Required action> Scan the entries below and return each line that contains "dimension".

Saved data entries
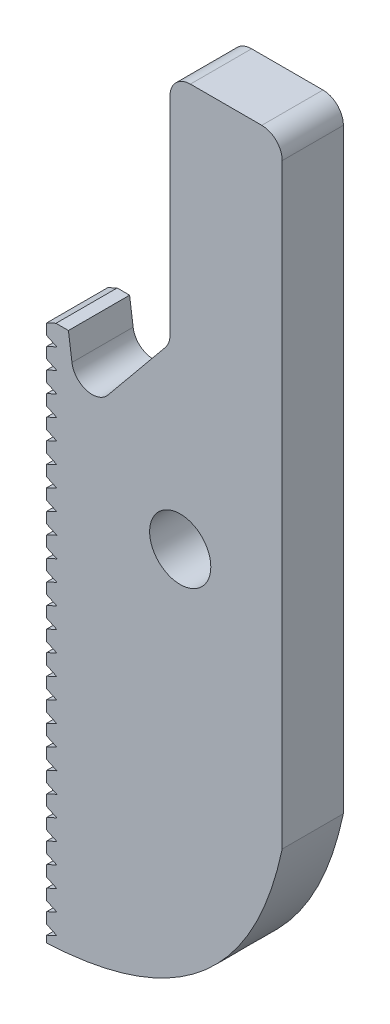
SolidWorks part; units mm, degrees
ref_plane "前视基准面" through (0, 0, 0) normal (0, 0, 1) x (1, 0, 0)
ref_plane "上视基准面" through (0, 0, 0) normal (0, 1, 0) x (1, 0, 0)
ref_plane "右视基准面" through (0, 0, 0) normal (1, 0, 0) x (0, 0, -1)
sketch "草图1" plane through (0, 0, 0) normal (0, 0, 1) x (1, 0, 0)
  line L1 (-5, 20) -> (5, 20)
  line L2 (-5, 20) -> (-5, -20)
  line L3 (-5, -20) -> (5, -20)
  line L4 (5, 20) -> (5, -20)
  line L5 (-5, 20) -> (5, -20) construction
  line L6 (-5, -20) -> (5, 20) construction
  circle A0 centre (0, 0) radius 1.5
  point P0 (0, 0)
  dimension "D1" = 3
  dimension "D2" = 10
  dimension "D3" = 40
extrude "凸台-拉伸1" add sketch "草图1" along normal blind 3
sketch "草图2" plane through (0, 0, 3) normal (0, 0, 1) x (1, 0, 0)
  line L0 (-5, -20) -> (5, -20) construction
  line L1 (-5, 20) -> (-6.55, 20)
  line L2 (-5, 20) -> (-5, -20)
  line L3 (-5, -20) -> (-6.55, -20)
  line L4 (-6.55, 20) -> (-6.55, -20)
  dimension "D1" = 1.55
extrude "凸台-拉伸2" add sketch "草图2" against normal blind 3
sketch "草图3" plane through (0, 0, 3) normal (0, 0, 1) x (1, 0, 0)
  line L0 (-6.05, 20) -> (-6.05, -20) construction
  line L1 (5, 20) -> (-6.55, 20) construction
  line L3 (-6.55, -20) -> (5, -20) construction
  line L4 (-6.55, 20) -> (-6.55, -20) construction
  line L5 (-6.55, 19.8) -> (-6.05, 19.5668)
  line L6 (-6.05, 19.5668) -> (-6.55, 19.3337)
  line L7 (-6.05, 19.5668) -> (-6.55, 19.5668) construction
  line L8 (-6.55, 19.8) -> (-6.55, 19.3337)
  dimension "D1" = 0.5
  dimension "D2" = 50
  dimension "D3" = 0.2
extrude "切除-拉伸1" cut sketch "草图3" against normal blind 3
pattern_linear "阵列(线性)1" count 40 spacing 1 along (0, -1, 0) of "切除-拉伸1"
sketch "草图5" plane through (0, 0, 3) normal (0, 0, 1) x (1, 0, 0)
  line L0 (-0.5, 20) -> (-0.5, 8.4853)
  line L2 (-0.5, 8.4853) -> (-0.5, 42.8063) construction
  line L3 (5, 20) -> (-6.55, 20) construction
  line L4 (-0.5, 8.4853) -> (-5, 3)
  line L5 (-5, 3) -> (-5.4805, 6.5474)
  line L7 (-7.0401, 9.4456) -> (-8.1844, 20)
  line L8 (-8.1844, 20) -> (-0.5, 20)
  line L9 (-5.4805, 6.5474) -> (-7.0401, 6.5474)
  line L10 (-7.0401, 6.5474) -> (-7.0401, 9.4456)
extrude "切除-拉伸2" cut sketch "草图5" against normal blind 10
fillet "圆角1" radius 1 2 edges at (-5, 3, 1.5) (-0.5, 8.4853, 1.5)
sketch "草图7" plane through (0, 0, 0) normal (0, 0, -1) x (-1, 0, 0)
  line L0 (-5, -20) -> (-5, 20) construction
  line L1 (6.55, -20) -> (-5.4182, -22.5669)
  line L2 (-5.4182, -22.5669) -> (-10.0629, -14.0758)
  line L3 (-10.0629, -14.0758) -> (-5, -10.2301)
  spline S0 degree 2 poles (-5, -10.2301) (-3.0258, -19.5548) (6.55, -20) knots 0 0 0 1 1 1
extrude "切除-拉伸3" cut sketch "草图7" against normal blind 10
fillet "圆角2" radius 1 2 edges at (-0.5, 20, 1.5) (5, 20, 1.5)

Answer below>
  dimension "D1" = 3
  dimension "D2" = 10
  dimension "D3" = 40
  dimension "D1" = 1.55
  dimension "D1" = 0.5
  dimension "D2" = 50
  dimension "D3" = 0.2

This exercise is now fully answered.